Description of the task: Whenever a line in this data holds the word "sketch", report that line in full.

Data for processing:

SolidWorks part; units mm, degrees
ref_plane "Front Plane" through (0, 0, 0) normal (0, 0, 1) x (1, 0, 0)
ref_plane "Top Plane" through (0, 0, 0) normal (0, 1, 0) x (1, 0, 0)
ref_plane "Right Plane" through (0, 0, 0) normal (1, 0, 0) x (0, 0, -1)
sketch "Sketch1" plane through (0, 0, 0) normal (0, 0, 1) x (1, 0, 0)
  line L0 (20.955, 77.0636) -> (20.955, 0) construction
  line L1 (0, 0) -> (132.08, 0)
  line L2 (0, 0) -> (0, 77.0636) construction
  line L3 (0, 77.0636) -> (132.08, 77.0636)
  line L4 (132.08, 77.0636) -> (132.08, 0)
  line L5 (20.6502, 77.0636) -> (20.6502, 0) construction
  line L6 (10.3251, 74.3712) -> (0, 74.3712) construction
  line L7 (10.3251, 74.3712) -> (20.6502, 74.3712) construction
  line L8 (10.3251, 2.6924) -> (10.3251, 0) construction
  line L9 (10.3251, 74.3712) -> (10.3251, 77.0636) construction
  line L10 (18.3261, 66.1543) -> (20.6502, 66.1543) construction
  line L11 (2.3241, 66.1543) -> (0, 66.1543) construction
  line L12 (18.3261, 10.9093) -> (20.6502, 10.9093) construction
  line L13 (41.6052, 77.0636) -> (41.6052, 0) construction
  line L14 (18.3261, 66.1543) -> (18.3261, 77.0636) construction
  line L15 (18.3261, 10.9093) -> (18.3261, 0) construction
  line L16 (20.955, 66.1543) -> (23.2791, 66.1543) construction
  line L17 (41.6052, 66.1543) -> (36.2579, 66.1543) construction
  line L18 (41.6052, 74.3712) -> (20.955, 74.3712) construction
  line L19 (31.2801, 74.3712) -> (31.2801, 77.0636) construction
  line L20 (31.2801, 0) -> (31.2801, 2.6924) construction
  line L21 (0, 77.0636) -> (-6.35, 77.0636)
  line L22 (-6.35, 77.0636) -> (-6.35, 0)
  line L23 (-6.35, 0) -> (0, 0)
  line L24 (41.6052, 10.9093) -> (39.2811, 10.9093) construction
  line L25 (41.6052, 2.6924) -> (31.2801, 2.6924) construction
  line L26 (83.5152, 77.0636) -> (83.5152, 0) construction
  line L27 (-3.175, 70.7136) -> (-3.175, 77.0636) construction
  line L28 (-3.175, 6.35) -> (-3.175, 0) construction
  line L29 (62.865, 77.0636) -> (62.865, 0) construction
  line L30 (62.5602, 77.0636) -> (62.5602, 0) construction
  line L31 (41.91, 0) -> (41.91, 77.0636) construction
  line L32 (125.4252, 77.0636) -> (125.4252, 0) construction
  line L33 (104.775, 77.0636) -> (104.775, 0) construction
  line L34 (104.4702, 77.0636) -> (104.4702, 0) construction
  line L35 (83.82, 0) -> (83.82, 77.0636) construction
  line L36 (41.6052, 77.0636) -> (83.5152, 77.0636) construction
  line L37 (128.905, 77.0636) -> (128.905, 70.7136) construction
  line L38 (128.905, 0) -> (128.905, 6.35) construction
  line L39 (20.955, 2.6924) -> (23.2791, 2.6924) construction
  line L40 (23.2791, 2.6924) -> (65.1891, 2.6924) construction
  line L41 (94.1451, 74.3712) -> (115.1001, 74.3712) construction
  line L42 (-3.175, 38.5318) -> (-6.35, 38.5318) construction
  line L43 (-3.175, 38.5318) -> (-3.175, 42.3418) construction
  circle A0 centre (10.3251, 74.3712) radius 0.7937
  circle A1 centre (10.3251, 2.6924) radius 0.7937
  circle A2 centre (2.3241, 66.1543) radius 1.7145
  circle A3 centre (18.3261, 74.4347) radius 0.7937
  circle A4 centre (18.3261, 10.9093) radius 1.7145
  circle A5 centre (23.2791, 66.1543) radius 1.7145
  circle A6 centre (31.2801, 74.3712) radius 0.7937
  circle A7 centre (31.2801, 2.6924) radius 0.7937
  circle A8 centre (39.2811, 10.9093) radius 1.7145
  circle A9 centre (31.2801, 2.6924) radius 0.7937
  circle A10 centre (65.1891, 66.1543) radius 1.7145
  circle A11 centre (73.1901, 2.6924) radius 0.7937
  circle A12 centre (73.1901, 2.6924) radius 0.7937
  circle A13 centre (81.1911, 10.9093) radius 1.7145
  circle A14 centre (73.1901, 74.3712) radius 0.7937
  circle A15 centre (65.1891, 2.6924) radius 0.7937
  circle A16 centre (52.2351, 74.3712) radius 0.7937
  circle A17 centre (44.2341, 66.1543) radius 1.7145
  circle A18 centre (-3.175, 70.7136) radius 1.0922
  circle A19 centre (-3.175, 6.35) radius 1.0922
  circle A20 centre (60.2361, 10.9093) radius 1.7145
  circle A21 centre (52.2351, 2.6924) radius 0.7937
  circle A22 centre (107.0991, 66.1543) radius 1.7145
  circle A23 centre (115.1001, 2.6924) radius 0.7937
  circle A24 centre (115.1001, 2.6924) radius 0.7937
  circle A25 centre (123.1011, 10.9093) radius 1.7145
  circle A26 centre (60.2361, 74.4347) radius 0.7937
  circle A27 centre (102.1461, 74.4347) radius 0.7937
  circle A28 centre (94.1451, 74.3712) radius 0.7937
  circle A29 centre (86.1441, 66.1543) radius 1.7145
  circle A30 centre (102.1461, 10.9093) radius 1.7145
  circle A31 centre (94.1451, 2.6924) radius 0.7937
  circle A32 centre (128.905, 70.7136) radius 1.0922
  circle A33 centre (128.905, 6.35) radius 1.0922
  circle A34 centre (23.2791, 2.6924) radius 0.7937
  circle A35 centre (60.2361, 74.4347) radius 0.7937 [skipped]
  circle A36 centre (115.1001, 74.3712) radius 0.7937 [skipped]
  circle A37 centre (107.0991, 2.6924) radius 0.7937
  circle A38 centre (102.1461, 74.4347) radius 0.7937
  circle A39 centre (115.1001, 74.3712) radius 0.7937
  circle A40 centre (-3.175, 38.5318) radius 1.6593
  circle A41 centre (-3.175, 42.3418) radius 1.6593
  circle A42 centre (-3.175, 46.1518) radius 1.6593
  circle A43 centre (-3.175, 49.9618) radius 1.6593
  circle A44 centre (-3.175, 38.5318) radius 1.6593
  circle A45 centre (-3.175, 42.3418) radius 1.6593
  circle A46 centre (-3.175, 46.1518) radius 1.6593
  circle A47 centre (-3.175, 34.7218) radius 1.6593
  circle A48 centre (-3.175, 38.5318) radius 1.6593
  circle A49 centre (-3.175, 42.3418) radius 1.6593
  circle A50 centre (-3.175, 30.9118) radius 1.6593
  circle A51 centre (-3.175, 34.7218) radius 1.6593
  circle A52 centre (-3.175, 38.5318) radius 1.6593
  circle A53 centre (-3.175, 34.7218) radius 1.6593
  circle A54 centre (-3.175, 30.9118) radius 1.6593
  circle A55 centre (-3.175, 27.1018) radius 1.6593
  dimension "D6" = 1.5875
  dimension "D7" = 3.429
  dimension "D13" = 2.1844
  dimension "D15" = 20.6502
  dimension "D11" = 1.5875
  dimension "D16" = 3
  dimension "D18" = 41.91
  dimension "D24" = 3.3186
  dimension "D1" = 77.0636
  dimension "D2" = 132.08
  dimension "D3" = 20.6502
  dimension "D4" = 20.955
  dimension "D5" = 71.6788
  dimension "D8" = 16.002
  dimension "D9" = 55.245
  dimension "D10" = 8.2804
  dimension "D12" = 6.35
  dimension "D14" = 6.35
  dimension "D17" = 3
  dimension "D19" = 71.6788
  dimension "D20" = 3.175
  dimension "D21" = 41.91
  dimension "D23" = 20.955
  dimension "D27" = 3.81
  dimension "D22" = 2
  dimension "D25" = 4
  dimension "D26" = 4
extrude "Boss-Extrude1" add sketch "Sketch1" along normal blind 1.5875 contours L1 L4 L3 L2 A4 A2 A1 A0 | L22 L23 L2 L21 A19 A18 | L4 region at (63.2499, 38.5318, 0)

Task solution:
sketch "Sketch1" plane through (0, 0, 0) normal (0, 0, 1) x (1, 0, 0)
extrude "Boss-Extrude1" add sketch "Sketch1" along normal blind 1.5875 contours L1 L4 L3 L2 A4 A2 A1 A0 | L22 L23 L2 L21 A19 A18 | L4 region at (63.2499, 38.5318, 0)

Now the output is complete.